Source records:
Segment Open
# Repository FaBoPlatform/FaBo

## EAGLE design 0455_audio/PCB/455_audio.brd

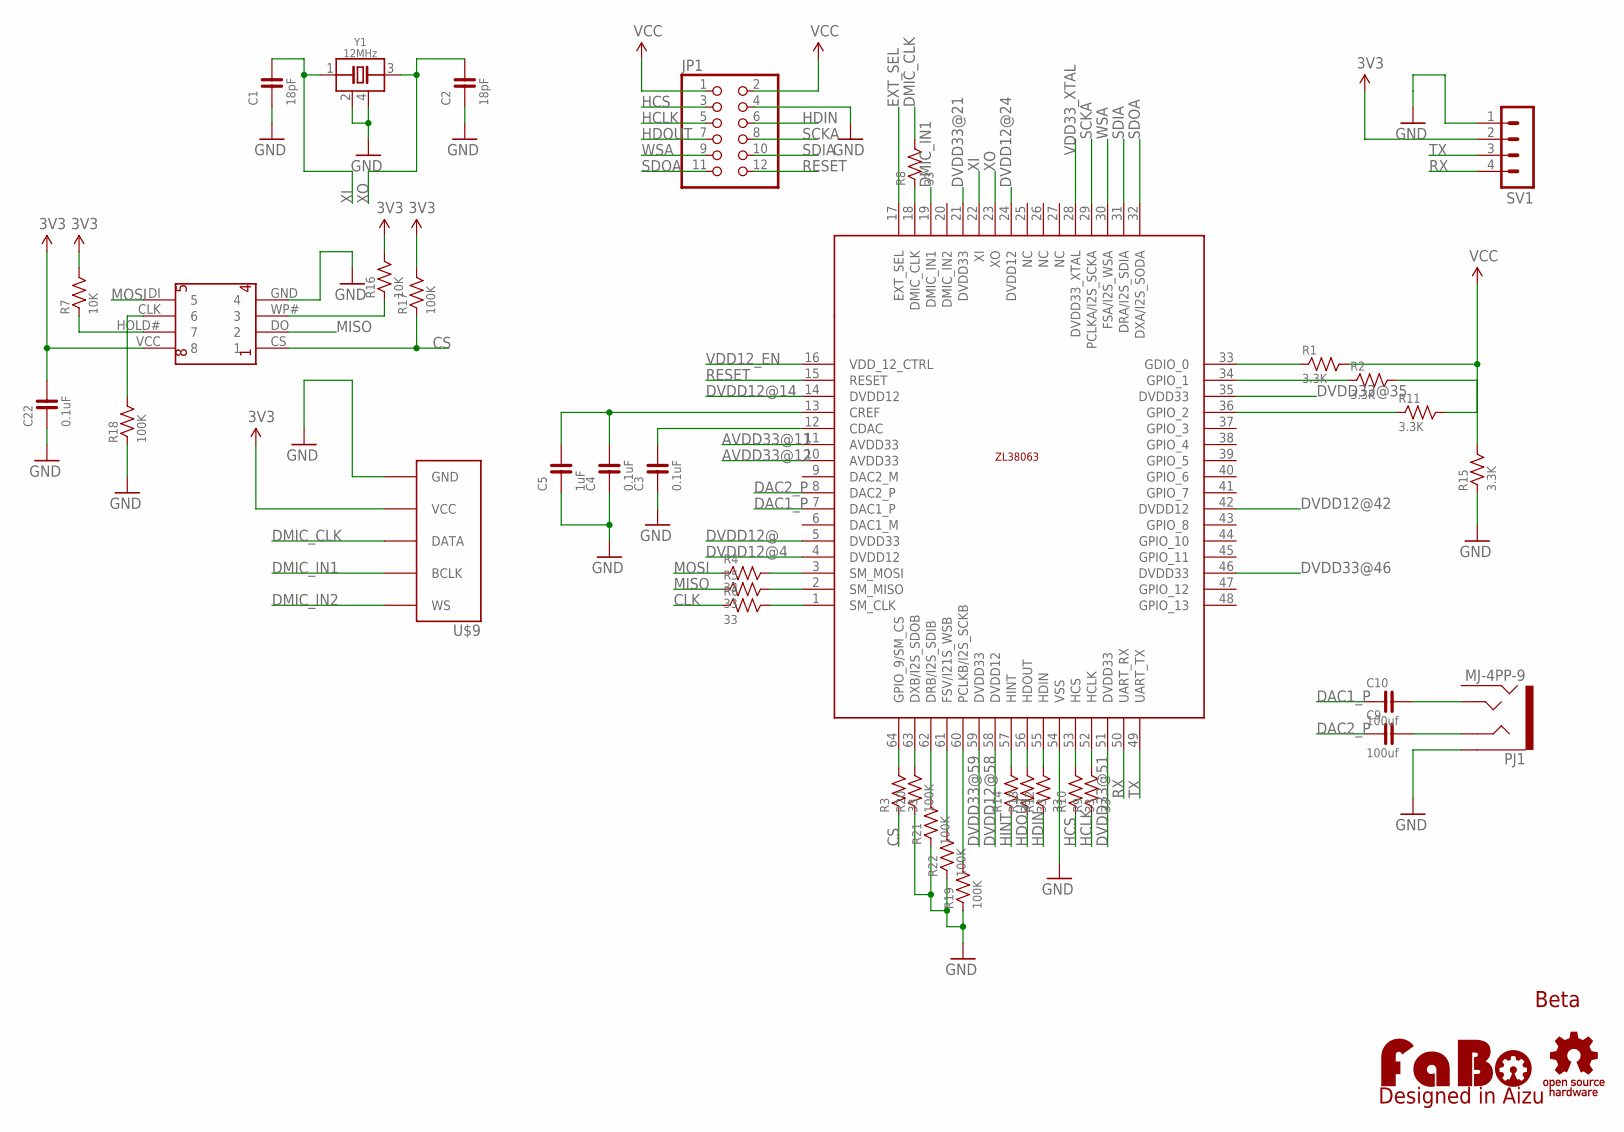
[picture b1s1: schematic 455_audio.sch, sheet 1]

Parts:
C1, C2: 18pF; 0603
C3, C4, C22: 0.1uF; 0603
C5: 1uF; 0603
C9, C10: 100uf; 0603
JP1: PINHD-2X6; 2X06
LOGO1: LOGO_FABO-M; LOGO_FABO_M
PJ1: MJ-4PP-9; PHONEJACK-MJ-4PP-9
R1, R2, R11, R15: 3.3K; 0603
R3, R4, R5, R6, R8, R9, R10, R12, R13, R14: 33; 0603
R7, R16: 10K; 0603
R17, R18, R19, R20, R21, R22: 100K; 0603
SV1: MA04-1
U$2: ZL38063
U$5: LOGO_OSHW-M_BOTTOM; LOGO_OSHW_M_BOTTOM
U$6: FLASH-MEMORY-2M(WINBOND)
U$9: FABO_BRICK_I2SLONG_BOTTOM; FABO_BRICK_I2S_S05B-PASK-2_LONG_BOTTOM
Y1: 12MHz; ECS-12MHZ

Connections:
3V3: C22.2, R7.2, R16.2, R17.2, SV1.2, U$6.VCC (8), U$9.VCC; also elsewhere on the board
AVDD33@11: U$2.11 (AVDD33)
AVDD33@12: U$2.10 (AVDD33)
CLK: R6.1, R18.2, U$6.CLK (6)
CS: R3.1, R17.1, U$6.CS (1)
DAC1_P: C10.1, U$2.7 (DAC1_P)
DAC2_P: C9.1, U$2.8 (DAC2_P)
DMIC_CLK: R8.2, U$9.DATA
DMIC_IN1: U$2.19 (DMIC_IN1), U$9.BCLK
DMIC_IN2: U$9.WS
DVDD12@: U$2.5 (DVDD33); also elsewhere on the board
DVDD12@4: U$2.4 (DVDD12); also elsewhere on the board
DVDD12@14: U$2.14 (DVDD12); also elsewhere on the board
DVDD12@24: U$2.24 (DVDD12); also elsewhere on the board
DVDD12@42: U$2.42 (DVDD12); also elsewhere on the board
DVDD12@58: U$2.58 (DVDD12); also elsewhere on the board
DVDD33@21: U$2.21 (DVDD33); also elsewhere on the board
DVDD33@35: U$2.35 (DVDD33); also elsewhere on the board
DVDD33@46: U$2.46 (DVDD33); also elsewhere on the board
DVDD33@51: U$2.51 (DVDD33); also elsewhere on the board
DVDD33@59: U$2.59 (DVDD33); also elsewhere on the board
EXT_SEL: U$2.17 (EXT_SEL); also elsewhere on the board
GND: C1.1, C2.1, C3.1, C4.1, C5.1, C22.1, JP1.4, PJ1.A, R15.1, R18.1, R19.1, R20.1, R21.1, R22.1, SV1.1, U$2.54 (VSS), U$6.GND (4), U$9.GND, Y1.2 (GND), Y1.4 (GND); also elsewhere on the board
HCLK: JP1.5, R9.1
HCS: JP1.3, R10.1
HDIN: JP1.6, R12.1
HDOUT: JP1.7, R13.1
HINT: R14.1
MISO: R5.1, U$6.DO (2)
MOSI: R4.1, U$6.DI (5)
unnamed: R1.1, U$2.33 (GDIO_0)
unnamed: R2.1, U$2.34 (GPIO_1)
unnamed: C3.2, U$2.12 (CDAC)
unnamed: C4.2, C5.2, U$2.13 (CREF)
unnamed: R3.2, U$2.64 (GPIO_9/SM_CS)
unnamed: R20.2, U$2.63 (DXB/I2S_SDOB)
unnamed: R11.1, U$2.36 (GPIO_2)
unnamed: R5.2, U$2.2 (SM_MISO)
unnamed: R6.2, U$2.1 (SM_CLK)
unnamed: C9.2, PJ1.C
unnamed: C10.2, PJ1.D
unnamed: R4.2, U$2.3 (SM_MOSI)
unnamed: R8.1, U$2.18 (DMIC_CLK)
unnamed: R14.2, U$2.57 (HINT)
unnamed: R13.2, U$2.56 (HDOUT)
unnamed: R12.2, U$2.55 (HDIN)
unnamed: R10.2, U$2.53 (HCS)
unnamed: R9.2, U$2.52 (HCLK)
unnamed: R11.2, R15.2
unnamed: R7.1, U$6.HOLD# (7)
unnamed: R16.1, U$6.WP# (3)
unnamed: R21.2, U$2.62 (DRB/I2S_SDIB)
unnamed: R22.2, U$2.61 (FSV/I21S_WSB)
unnamed: R19.2, U$2.60 (PCLKB/I2S_SCKB)
RESET: JP1.12, U$2.15 (RESET)
RX: SV1.4, U$2.50 (UART_RX)
SCKA: JP1.8, U$2.29 (PCLKA/I2S_SCKA)
SDIA: JP1.10, U$2.31 (DRA/I2S_SDIA)
SDOA: JP1.11, U$2.32 (DXA/I2S_SODA)
TX: SV1.3, U$2.49 (UART_TX)
VCC: JP1.1, JP1.2, R1.2, R2.2; also elsewhere on the board
VDD12_EN: U$2.16 (VDD_12_CTRL); also elsewhere on the board
VDD33_XTAL: U$2.28 (DVDD33_XTAL)
WSA: JP1.9, U$2.30 (FSA/I2S_WSA)
XI: C1.2, U$2.22 (XI), Y1.1 (IO)
XO: C2.2, U$2.23 (XO), Y1.3 (IO)

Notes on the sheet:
Beta

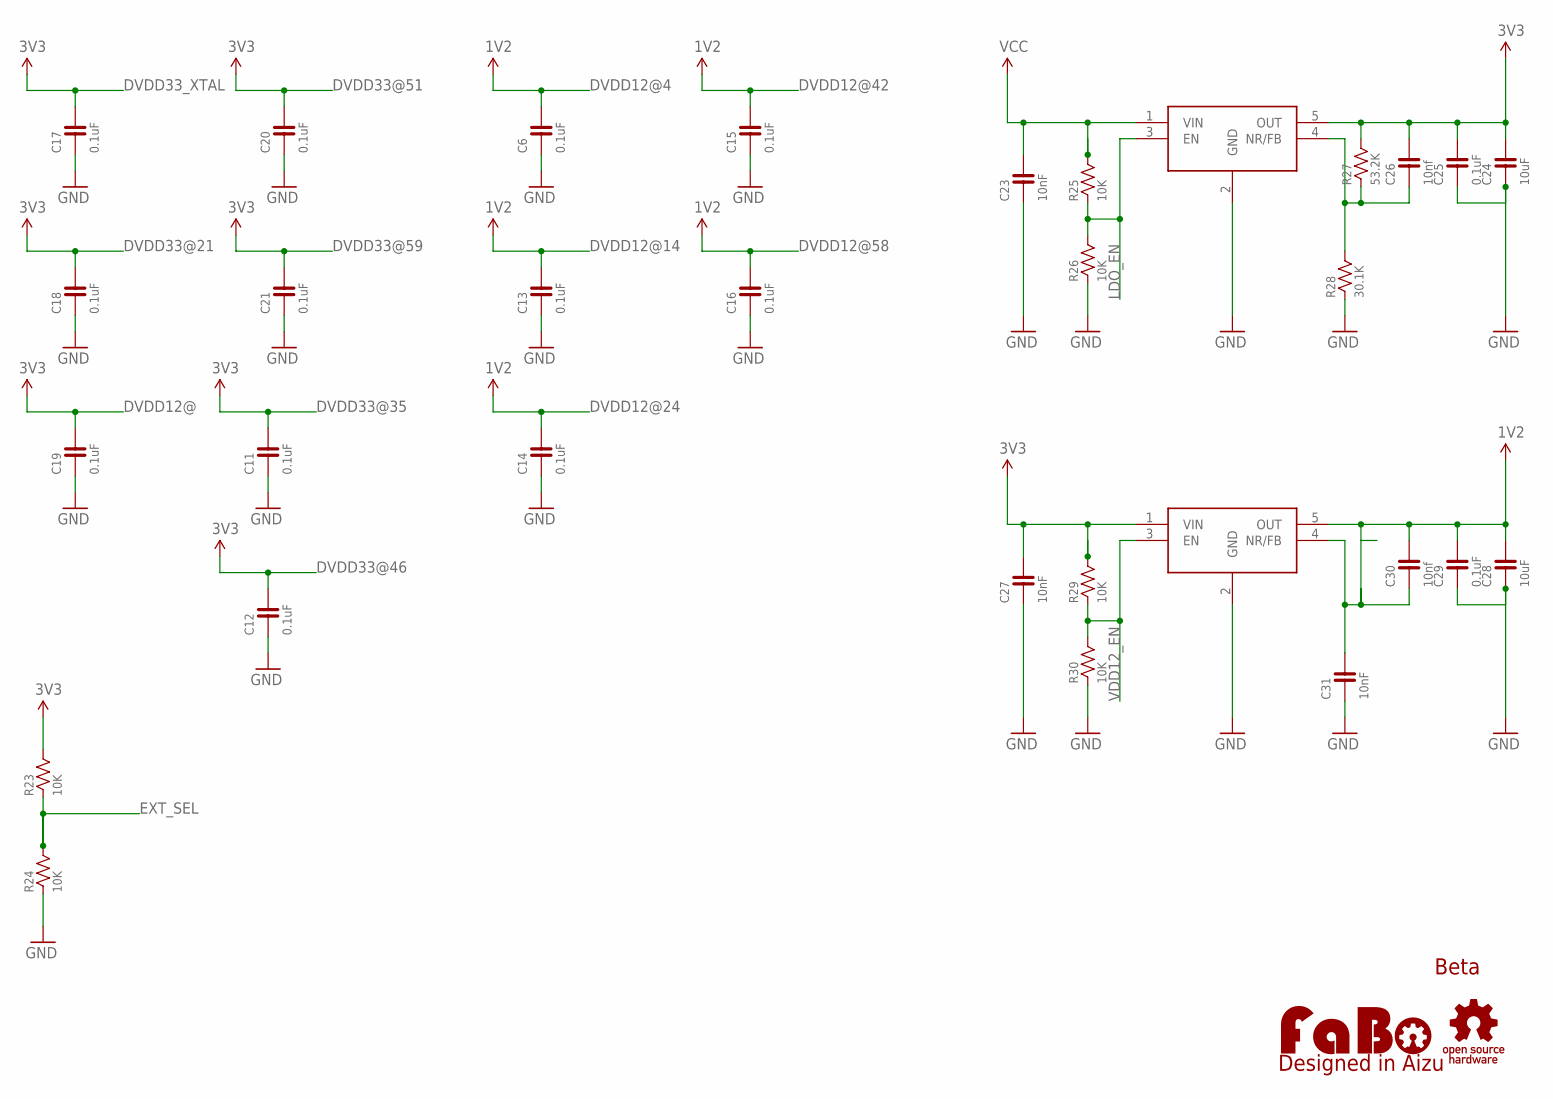
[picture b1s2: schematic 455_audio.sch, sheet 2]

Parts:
C6, C11, C12, C13, C14, C15, C16, C17, C18, C19, C20, C21, C25, C29: 0.1uF; 0603
C23, C27, C31: 10nF; 0603
C24, C28: 10uF; 0603
C26, C30: 10nf; 0603
R23, R24, R25, R26, R29, R30: 10K; 0603
R27: 53.2K; 0603
R28: 30.1K; 0603
U$7, U$8: TPS73601; SOT-23-5

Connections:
1V8: C28.2, C29.2, C30.2, U$8.5 (OUT)
3V3: C24.2, C25.2, C26.2, C27.2, R23.2, R27.2, R29.2, U$7.5 (OUT), U$8.1 (VIN); also elsewhere on the board
DVDD12@: C19.2; also elsewhere on the board
DVDD12@4: C6.2; also elsewhere on the board
DVDD12@14: C13.2; also elsewhere on the board
DVDD12@24: C14.2; also elsewhere on the board
DVDD12@42: C15.2; also elsewhere on the board
DVDD12@58: C16.2; also elsewhere on the board
DVDD33@21: C18.2; also elsewhere on the board
DVDD33@35: C11.2; also elsewhere on the board
DVDD33@46: C12.2; also elsewhere on the board
DVDD33@51: C20.2; also elsewhere on the board
DVDD33@59: C21.2; also elsewhere on the board
DVDD33_XTAL: C17.2
EXT_SEL: R23.1, R24.2; also elsewhere on the board
GND: C6.1, C11.1, C12.1, C13.1, C14.1, C15.1, C16.1, C17.1, C18.1, C19.1, C20.1, C21.1, C23.1, C24.1, C25.1, C27.1, C28.1, C29.1, C31.1, R24.1, R26.1, R28.1, R30.1, U$7.2 (GND), U$8.2 (GND); also elsewhere on the board
LDO_EN: R25.1, R26.2, U$7.3 (EN)
unnamed: C26.1, R27.1, R28.2, U$7.4 (NR/FB)
unnamed: C30.1, C31.2, U$8.4 (NR/FB)
VCC: C23.2, R25.2, U$7.1 (VIN); also elsewhere on the board
VDD12_EN: R29.1, R30.2, U$8.3 (EN); also elsewhere on the board

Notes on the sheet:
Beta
Segment Closed
Goal of the exercise ▸ Once the pictures are set aside, give every line above again without alteration.

Answer space ▸
# Repository FaBoPlatform/FaBo

## EAGLE design 0455_audio/PCB/455_audio.brd

[picture b1s1: schematic 455_audio.sch, sheet 1]

Parts:
C1, C2: 18pF; 0603
C3, C4, C22: 0.1uF; 0603
C5: 1uF; 0603
C9, C10: 100uf; 0603
JP1: PINHD-2X6; 2X06
LOGO1: LOGO_FABO-M; LOGO_FABO_M
PJ1: MJ-4PP-9; PHONEJACK-MJ-4PP-9
R1, R2, R11, R15: 3.3K; 0603
R3, R4, R5, R6, R8, R9, R10, R12, R13, R14: 33; 0603
R7, R16: 10K; 0603
R17, R18, R19, R20, R21, R22: 100K; 0603
SV1: MA04-1
U$2: ZL38063
U$5: LOGO_OSHW-M_BOTTOM; LOGO_OSHW_M_BOTTOM
U$6: FLASH-MEMORY-2M(WINBOND)
U$9: FABO_BRICK_I2SLONG_BOTTOM; FABO_BRICK_I2S_S05B-PASK-2_LONG_BOTTOM
Y1: 12MHz; ECS-12MHZ

Connections:
3V3: C22.2, R7.2, R16.2, R17.2, SV1.2, U$6.VCC (8), U$9.VCC; also elsewhere on the board
AVDD33@11: U$2.11 (AVDD33)
AVDD33@12: U$2.10 (AVDD33)
CLK: R6.1, R18.2, U$6.CLK (6)
CS: R3.1, R17.1, U$6.CS (1)
DAC1_P: C10.1, U$2.7 (DAC1_P)
DAC2_P: C9.1, U$2.8 (DAC2_P)
DMIC_CLK: R8.2, U$9.DATA
DMIC_IN1: U$2.19 (DMIC_IN1), U$9.BCLK
DMIC_IN2: U$9.WS
DVDD12@: U$2.5 (DVDD33); also elsewhere on the board
DVDD12@4: U$2.4 (DVDD12); also elsewhere on the board
DVDD12@14: U$2.14 (DVDD12); also elsewhere on the board
DVDD12@24: U$2.24 (DVDD12); also elsewhere on the board
DVDD12@42: U$2.42 (DVDD12); also elsewhere on the board
DVDD12@58: U$2.58 (DVDD12); also elsewhere on the board
DVDD33@21: U$2.21 (DVDD33); also elsewhere on the board
DVDD33@35: U$2.35 (DVDD33); also elsewhere on the board
DVDD33@46: U$2.46 (DVDD33); also elsewhere on the board
DVDD33@51: U$2.51 (DVDD33); also elsewhere on the board
DVDD33@59: U$2.59 (DVDD33); also elsewhere on the board
EXT_SEL: U$2.17 (EXT_SEL); also elsewhere on the board
GND: C1.1, C2.1, C3.1, C4.1, C5.1, C22.1, JP1.4, PJ1.A, R15.1, R18.1, R19.1, R20.1, R21.1, R22.1, SV1.1, U$2.54 (VSS), U$6.GND (4), U$9.GND, Y1.2 (GND), Y1.4 (GND); also elsewhere on the board
HCLK: JP1.5, R9.1
HCS: JP1.3, R10.1
HDIN: JP1.6, R12.1
HDOUT: JP1.7, R13.1
HINT: R14.1
MISO: R5.1, U$6.DO (2)
MOSI: R4.1, U$6.DI (5)
unnamed: R1.1, U$2.33 (GDIO_0)
unnamed: R2.1, U$2.34 (GPIO_1)
unnamed: C3.2, U$2.12 (CDAC)
unnamed: C4.2, C5.2, U$2.13 (CREF)
unnamed: R3.2, U$2.64 (GPIO_9/SM_CS)
unnamed: R20.2, U$2.63 (DXB/I2S_SDOB)
unnamed: R11.1, U$2.36 (GPIO_2)
unnamed: R5.2, U$2.2 (SM_MISO)
unnamed: R6.2, U$2.1 (SM_CLK)
unnamed: C9.2, PJ1.C
unnamed: C10.2, PJ1.D
unnamed: R4.2, U$2.3 (SM_MOSI)
unnamed: R8.1, U$2.18 (DMIC_CLK)
unnamed: R14.2, U$2.57 (HINT)
unnamed: R13.2, U$2.56 (HDOUT)
unnamed: R12.2, U$2.55 (HDIN)
unnamed: R10.2, U$2.53 (HCS)
unnamed: R9.2, U$2.52 (HCLK)
unnamed: R11.2, R15.2
unnamed: R7.1, U$6.HOLD# (7)
unnamed: R16.1, U$6.WP# (3)
unnamed: R21.2, U$2.62 (DRB/I2S_SDIB)
unnamed: R22.2, U$2.61 (FSV/I21S_WSB)
unnamed: R19.2, U$2.60 (PCLKB/I2S_SCKB)
RESET: JP1.12, U$2.15 (RESET)
RX: SV1.4, U$2.50 (UART_RX)
SCKA: JP1.8, U$2.29 (PCLKA/I2S_SCKA)
SDIA: JP1.10, U$2.31 (DRA/I2S_SDIA)
SDOA: JP1.11, U$2.32 (DXA/I2S_SODA)
TX: SV1.3, U$2.49 (UART_TX)
VCC: JP1.1, JP1.2, R1.2, R2.2; also elsewhere on the board
VDD12_EN: U$2.16 (VDD_12_CTRL); also elsewhere on the board
VDD33_XTAL: U$2.28 (DVDD33_XTAL)
WSA: JP1.9, U$2.30 (FSA/I2S_WSA)
XI: C1.2, U$2.22 (XI), Y1.1 (IO)
XO: C2.2, U$2.23 (XO), Y1.3 (IO)

Notes on the sheet:
Beta

[picture b1s2: schematic 455_audio.sch, sheet 2]

Parts:
C6, C11, C12, C13, C14, C15, C16, C17, C18, C19, C20, C21, C25, C29: 0.1uF; 0603
C23, C27, C31: 10nF; 0603
C24, C28: 10uF; 0603
C26, C30: 10nf; 0603
R23, R24, R25, R26, R29, R30: 10K; 0603
R27: 53.2K; 0603
R28: 30.1K; 0603
U$7, U$8: TPS73601; SOT-23-5

Connections:
1V8: C28.2, C29.2, C30.2, U$8.5 (OUT)
3V3: C24.2, C25.2, C26.2, C27.2, R23.2, R27.2, R29.2, U$7.5 (OUT), U$8.1 (VIN); also elsewhere on the board
DVDD12@: C19.2; also elsewhere on the board
DVDD12@4: C6.2; also elsewhere on the board
DVDD12@14: C13.2; also elsewhere on the board
DVDD12@24: C14.2; also elsewhere on the board
DVDD12@42: C15.2; also elsewhere on the board
DVDD12@58: C16.2; also elsewhere on the board
DVDD33@21: C18.2; also elsewhere on the board
DVDD33@35: C11.2; also elsewhere on the board
DVDD33@46: C12.2; also elsewhere on the board
DVDD33@51: C20.2; also elsewhere on the board
DVDD33@59: C21.2; also elsewhere on the board
DVDD33_XTAL: C17.2
EXT_SEL: R23.1, R24.2; also elsewhere on the board
GND: C6.1, C11.1, C12.1, C13.1, C14.1, C15.1, C16.1, C17.1, C18.1, C19.1, C20.1, C21.1, C23.1, C24.1, C25.1, C27.1, C28.1, C29.1, C31.1, R24.1, R26.1, R28.1, R30.1, U$7.2 (GND), U$8.2 (GND); also elsewhere on the board
LDO_EN: R25.1, R26.2, U$7.3 (EN)
unnamed: C26.1, R27.1, R28.2, U$7.4 (NR/FB)
unnamed: C30.1, C31.2, U$8.4 (NR/FB)
VCC: C23.2, R25.2, U$7.1 (VIN); also elsewhere on the board
VDD12_EN: R29.1, R30.2, U$8.3 (EN); also elsewhere on the board

Notes on the sheet:
Beta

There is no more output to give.